--- START ---

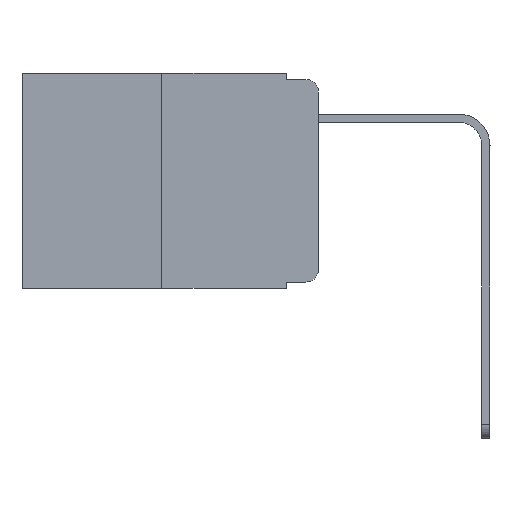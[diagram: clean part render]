
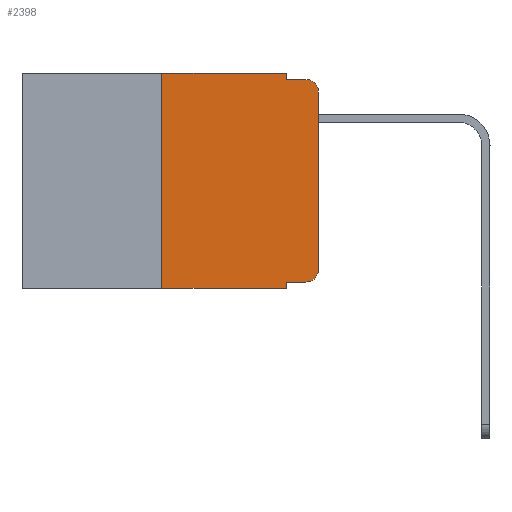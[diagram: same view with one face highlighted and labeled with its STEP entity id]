
A CAD part, left-side view. The second image highlights one B-rep face of the part: STEP entity #2398.
In plain terms, the highlighted planar face has unit normal (-1, 0, 0).
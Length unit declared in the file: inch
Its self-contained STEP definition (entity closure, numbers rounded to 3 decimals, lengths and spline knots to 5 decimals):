
#114 = DIRECTION ( 'NONE',  ( 0., 0., -1. ) ) ;
#230 = CIRCLE ( 'NONE', #12670, 0.02 ) ;
#421 = VECTOR ( 'NONE', #2789, 39.37008 ) ;
#476 = CARTESIAN_POINT ( 'NONE',  ( 0., 0.25, -0.343 ) ) ;
#572 = VERTEX_POINT ( 'NONE', #9536 ) ;
#1446 = EDGE_CURVE ( 'NONE', #14735, #18943, #16152, .T. ) ;
#1716 = CARTESIAN_POINT ( 'NONE',  ( 0., 0.25, 0. ) ) ;
#1824 = ORIENTED_EDGE ( 'NONE', *, *, #1446, .F. ) ;
#2077 = VERTEX_POINT ( 'NONE', #9798 ) ;
#2156 = CARTESIAN_POINT ( 'NONE',  ( 0., 0.051, 0. ) ) ;
#2289 = ORIENTED_EDGE ( 'NONE', *, *, #14240, .T. ) ;
#2398 = ADVANCED_FACE ( 'NONE', ( #16117 ), #6252, .F. ) ;
#2519 = DIRECTION ( 'NONE',  ( 0., 0., 1. ) ) ;
#2522 = CARTESIAN_POINT ( 'NONE',  ( 0., 0.051, 0. ) ) ;
#2789 = DIRECTION ( 'NONE',  ( 0., -1., 0. ) ) ;
#3289 = VERTEX_POINT ( 'NONE', #1716 ) ;
#3529 = DIRECTION ( 'NONE',  ( 0., 0., -1. ) ) ;
#3571 = ORIENTED_EDGE ( 'NONE', *, *, #12032, .T. ) ;
#4141 = CARTESIAN_POINT ( 'NONE',  ( 0., 0.473, -0.343 ) ) ;
#4515 = DIRECTION ( 'NONE',  ( 1., 0., 0. ) ) ;
#5012 = LINE ( 'NONE', #6743, #12104 ) ;
#5328 = CARTESIAN_POINT ( 'NONE',  ( 0., 0., -0.313 ) ) ;
#6252 = PLANE ( 'NONE',  #14574 ) ;
#6260 = LINE ( 'NONE', #2522, #17943 ) ;
#6300 = EDGE_CURVE ( 'NONE', #12097, #3289, #5012, .T. ) ;
#6350 = DIRECTION ( 'NONE',  ( 0., -1., 0. ) ) ;
#6431 = CARTESIAN_POINT ( 'NONE',  ( 0., 0.02, -0.03 ) ) ;
#6522 = EDGE_LOOP ( 'NONE', ( #10490, #17664, #17923, #1824, #17585, #9665, #2289, #11413, #3571, #14077 ) ) ;
#6743 = CARTESIAN_POINT ( 'NONE',  ( 0., 0.25, 0. ) ) ;
#6960 = VECTOR ( 'NONE', #10646, 39.37008 ) ;
#6985 = CARTESIAN_POINT ( 'NONE',  ( 0., 0.051, -0.343 ) ) ;
#7081 = EDGE_CURVE ( 'NONE', #17550, #572, #11619, .T. ) ;
#7424 = CARTESIAN_POINT ( 'NONE',  ( 0., 0.02, -0.333 ) ) ;
#7581 = AXIS2_PLACEMENT_3D ( 'NONE', #6431, #18139, #3529 ) ;
#7704 = CARTESIAN_POINT ( 'NONE',  ( 0., 0.051, -0.333 ) ) ;
#8897 = CARTESIAN_POINT ( 'NONE',  ( 0., 0.473, 0. ) ) ;
#9536 = CARTESIAN_POINT ( 'NONE',  ( 0., 0., -0.03 ) ) ;
#9665 = ORIENTED_EDGE ( 'NONE', *, *, #6300, .F. ) ;
#9798 = CARTESIAN_POINT ( 'NONE',  ( 0., 0.051, -0.333 ) ) ;
#9865 = EDGE_CURVE ( 'NONE', #2077, #18597, #6260, .T. ) ;
#10254 = EDGE_CURVE ( 'NONE', #3289, #14735, #14491, .T. ) ;
#10490 = ORIENTED_EDGE ( 'NONE', *, *, #7081, .T. ) ;
#10646 = DIRECTION ( 'NONE',  ( 0., -1., 0. ) ) ;
#10709 = CARTESIAN_POINT ( 'NONE',  ( 0., 0.473, 0. ) ) ;
#11413 = ORIENTED_EDGE ( 'NONE', *, *, #9865, .F. ) ;
#11619 = LINE ( 'NONE', #14296, #18261 ) ;
#11761 = CIRCLE ( 'NONE', #7581, 0.02 ) ;
#12032 = EDGE_CURVE ( 'NONE', #2077, #15974, #14472, .T. ) ;
#12097 = VERTEX_POINT ( 'NONE', #476 ) ;
#12104 = VECTOR ( 'NONE', #15658, 39.37008 ) ;
#12217 = DIRECTION ( 'NONE',  ( -1., 0., 0. ) ) ;
#12394 = DIRECTION ( 'NONE',  ( 0., 0., -1. ) ) ;
#12599 = CARTESIAN_POINT ( 'NONE',  ( 0., 0.051, -0.01 ) ) ;
#12667 = VECTOR ( 'NONE', #6350, 39.37008 ) ;
#12670 = AXIS2_PLACEMENT_3D ( 'NONE', #13959, #12217, #16915 ) ;
#12756 = CARTESIAN_POINT ( 'NONE',  ( 0., 0.051, 0. ) ) ;
#13153 = CARTESIAN_POINT ( 'NONE',  ( 0., 0.02, -0.01 ) ) ;
#13322 = EDGE_CURVE ( 'NONE', #15974, #17550, #230, .T. ) ;
#13951 = LINE ( 'NONE', #4141, #421 ) ;
#13959 = CARTESIAN_POINT ( 'NONE',  ( 0., 0.02, -0.313 ) ) ;
#14077 = ORIENTED_EDGE ( 'NONE', *, *, #13322, .T. ) ;
#14081 = DIRECTION ( 'NONE',  ( 0., -1., 0. ) ) ;
#14131 = VECTOR ( 'NONE', #12394, 39.37008 ) ;
#14179 = DIRECTION ( 'NONE',  ( 0., 0., -1. ) ) ;
#14240 = EDGE_CURVE ( 'NONE', #12097, #18597, #13951, .T. ) ;
#14296 = CARTESIAN_POINT ( 'NONE',  ( 0., 0., 0. ) ) ;
#14472 = LINE ( 'NONE', #7704, #6960 ) ;
#14491 = LINE ( 'NONE', #10709, #12667 ) ;
#14574 = AXIS2_PLACEMENT_3D ( 'NONE', #8897, #4515, #114 ) ;
#14735 = VERTEX_POINT ( 'NONE', #12756 ) ;
#15658 = DIRECTION ( 'NONE',  ( 0., 0., 1. ) ) ;
#15897 = VERTEX_POINT ( 'NONE', #13153 ) ;
#15974 = VERTEX_POINT ( 'NONE', #7424 ) ;
#16117 = FACE_OUTER_BOUND ( 'NONE', #6522, .T. ) ;
#16152 = LINE ( 'NONE', #2156, #14131 ) ;
#16593 = CARTESIAN_POINT ( 'NONE',  ( 0., 0.051, -0.01 ) ) ;
#16915 = DIRECTION ( 'NONE',  ( 0., 0., -1. ) ) ;
#16971 = EDGE_CURVE ( 'NONE', #572, #15897, #11761, .T. ) ;
#17216 = LINE ( 'NONE', #12599, #18352 ) ;
#17550 = VERTEX_POINT ( 'NONE', #5328 ) ;
#17585 = ORIENTED_EDGE ( 'NONE', *, *, #10254, .F. ) ;
#17607 = EDGE_CURVE ( 'NONE', #18943, #15897, #17216, .T. ) ;
#17664 = ORIENTED_EDGE ( 'NONE', *, *, #16971, .T. ) ;
#17923 = ORIENTED_EDGE ( 'NONE', *, *, #17607, .F. ) ;
#17943 = VECTOR ( 'NONE', #14179, 39.37008 ) ;
#18139 = DIRECTION ( 'NONE',  ( -1., 0., 0. ) ) ;
#18261 = VECTOR ( 'NONE', #2519, 39.37008 ) ;
#18352 = VECTOR ( 'NONE', #14081, 39.37008 ) ;
#18597 = VERTEX_POINT ( 'NONE', #6985 ) ;
#18943 = VERTEX_POINT ( 'NONE', #16593 ) ;

--- END ---

Activity ▸ All that is wanted is an exact copy of the lines above from the one with "#14472 = LINE ( 'NONE', #7704, #6960 ) ;" through the one with "#16915 = DIRECTION", with both ends included.

Result of this task ▸
#14472 = LINE ( 'NONE', #7704, #6960 ) ;
#14491 = LINE ( 'NONE', #10709, #12667 ) ;
#14574 = AXIS2_PLACEMENT_3D ( 'NONE', #8897, #4515, #114 ) ;
#14735 = VERTEX_POINT ( 'NONE', #12756 ) ;
#15658 = DIRECTION ( 'NONE',  ( 0., 0., 1. ) ) ;
#15897 = VERTEX_POINT ( 'NONE', #13153 ) ;
#15974 = VERTEX_POINT ( 'NONE', #7424 ) ;
#16117 = FACE_OUTER_BOUND ( 'NONE', #6522, .T. ) ;
#16152 = LINE ( 'NONE', #2156, #14131 ) ;
#16593 = CARTESIAN_POINT ( 'NONE',  ( 0., 0.051, -0.01 ) ) ;
#16915 = DIRECTION ( 'NONE',  ( 0., 0., -1. ) ) ;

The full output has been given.